A hacker stole dozens of NFTs worth more than $1.4 million from a single collector on Tuesday, according to blockchain observers.
Pseudonymous blockchain researchers Andeh and Cirrus noticed the theft and explained what happened on Twitter. The stolen NFTs included 29 from the popular Moonbirds collection, which currently has a floor price (the minimum amount that an NFT goes for) of 24 ETH, or nearly $48,000. The hacker apparently tricked the victim into approving them as the operator of the wallet using a phishing website, and then siphoned off the NFTs.
The victim, who goes by Keith “Digital Ornithologist" on Twitter, told Motherboard that the hacker sent him to a phishing website set up with a smart contract, which he approved.
“On that site [the hacker] had a contract made to un-nest all my Moonbirds and move them in one swoop,” he said in an online chat, adding that at first it appeared the transactions were failing but eventually went through.
“No words can describe the level of life altering results this has caused.”
Keith claimed to be an oncologist and a father, and said that the scammer “hacked a father of three children under 6-years-old and a wife, and took all their hard earned money for the past 38 years accrued in a few minutes.
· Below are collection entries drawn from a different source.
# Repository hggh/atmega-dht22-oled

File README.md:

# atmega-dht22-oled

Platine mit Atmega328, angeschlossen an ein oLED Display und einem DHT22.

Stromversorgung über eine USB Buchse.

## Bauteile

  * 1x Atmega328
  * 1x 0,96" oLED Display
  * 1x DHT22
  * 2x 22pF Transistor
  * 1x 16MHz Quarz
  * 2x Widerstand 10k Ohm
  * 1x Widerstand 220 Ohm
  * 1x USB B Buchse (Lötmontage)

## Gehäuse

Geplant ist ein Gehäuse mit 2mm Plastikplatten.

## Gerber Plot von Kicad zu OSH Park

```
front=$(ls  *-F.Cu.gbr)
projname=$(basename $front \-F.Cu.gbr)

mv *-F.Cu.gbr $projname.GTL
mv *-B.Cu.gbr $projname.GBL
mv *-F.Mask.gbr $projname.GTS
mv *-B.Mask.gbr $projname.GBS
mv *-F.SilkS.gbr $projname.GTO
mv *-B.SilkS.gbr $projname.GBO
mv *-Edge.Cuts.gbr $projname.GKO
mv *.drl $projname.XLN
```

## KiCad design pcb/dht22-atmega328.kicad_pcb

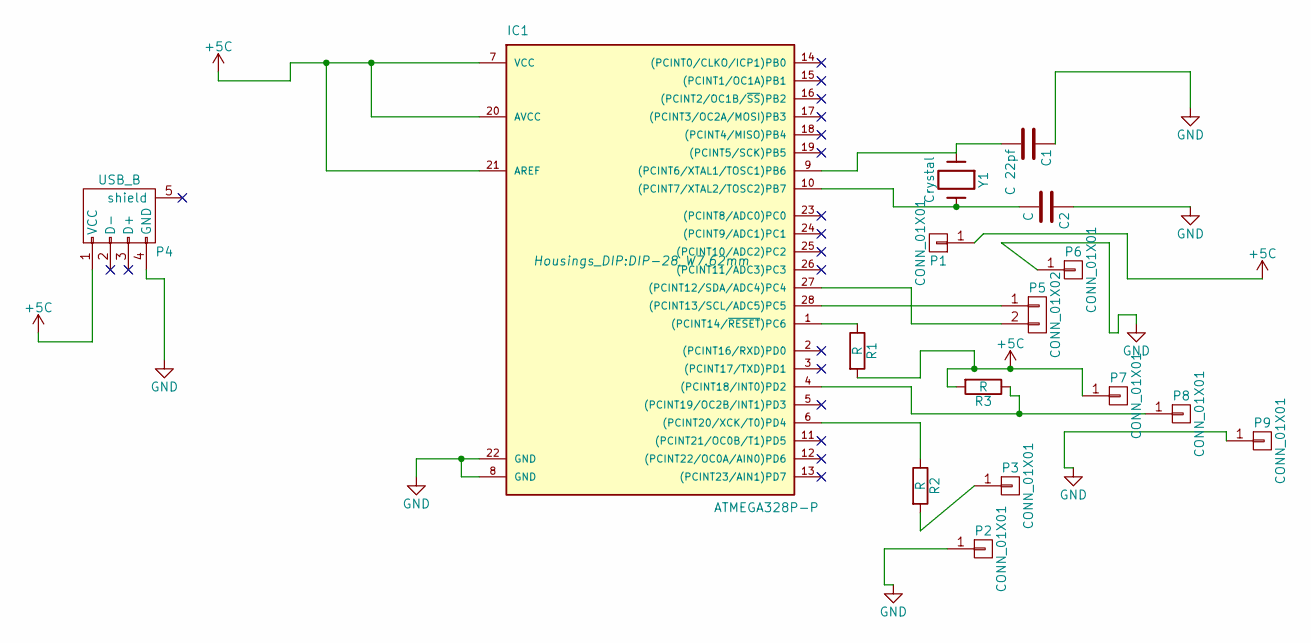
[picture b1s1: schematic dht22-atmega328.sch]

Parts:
C1: C 22pf; C_Rect_L7_W2_P5
C2: C; C_Rect_L7_W2_P5
IC1: ATMEGA328P-P; DIP-28_W7.62mm
P1, P2, P3, P6, P7, P8, P9: CONN_01X01; Pin_Header_Straight_1x01
P4: USB_B
P5: CONN_01X02; Pin_Header_Straight_1x02
R1, R2, R3: R; Resistor_Horizontal_RM10mm
Y1: Crystal; Crystal_HC50-U_Vertical

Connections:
+5C: IC1.7 (VCC), IC1.20 (AVCC), IC1.21 (AREF), P1.1, P4.1 (VCC), P7.1, R1.2, R3.2
GND: C1.1, C2.1, IC1.8 (GND), IC1.22 (GND), P2.1, P4.4 (GND), P6.1, P9.1
unnamed: C1.2, IC1.9 ((PCINT6/XTAL1/TOSC1)PB6), Y1.1
unnamed: C2.2, IC1.10 ((PCINT7/XTAL2/TOSC2)PB7), Y1.2
unnamed: IC1.1 ((PCINT14/~RESET~)PC6), R1.1
unnamed: IC1.4 ((PCINT18/INT0)PD2), P8.1, R3.1
unnamed: IC1.6 ((PCINT20/XCK/T0)PD4), R2.1
unnamed: IC1.27 ((PCINT12/SDA/ADC4)PC4), P5.2
unnamed: IC1.28 ((PCINT13/SCL/ADC5)PC5), P5.1
unnamed: P3.1, R2.2

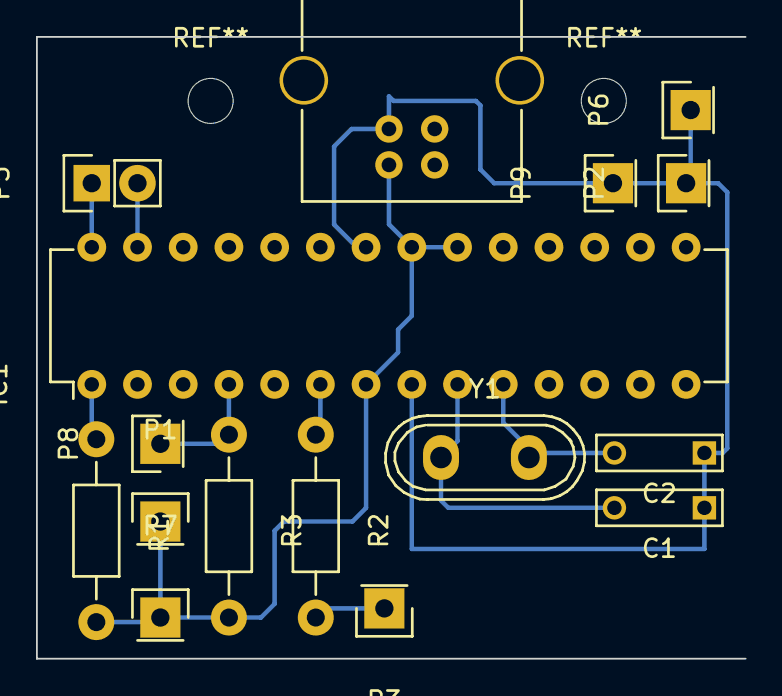
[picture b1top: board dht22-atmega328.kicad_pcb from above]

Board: 2 copper layers, 39.4 x 34.5 mm, 16 parts (0 on the bottom side), 10 nets.

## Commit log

2016-04-01 added lcb
2016-04-01 added src
2016-04-01 added readme
2016-04-01 fix pcb
2016-04-01 added info for OSH park upload
2016-04-21 added papercut
2018-03-17 added with is471 sensor

No words can describe the level of life altering results this has caused,” he said. “I'm a doctor that takes care of patients with end stage pain (cancer) and have done much for the web3 community to thrive and grow.”
Keith sent a message to the hacker as an NFT in an attempt to recover the stolen images.
“Please return the stolen moonbirds to the original owner. Keep 1 for compensation,” the message read. “If [Moonbirds] are not returned by 5/25 @ 12p UTC, the police and FBI will be notified formally.”
Phishing scams are extremely common in the NFT world, since one wrong click can quickly and irreversibly transfer millions of dollars worth of tokens. Tal Be’ery, a cybersecurity researcher who’s also looked into the hack, told Motherboard that the hack wasn’t straightforward, however, as the hacker failed in their first attempt to steal the NFTs.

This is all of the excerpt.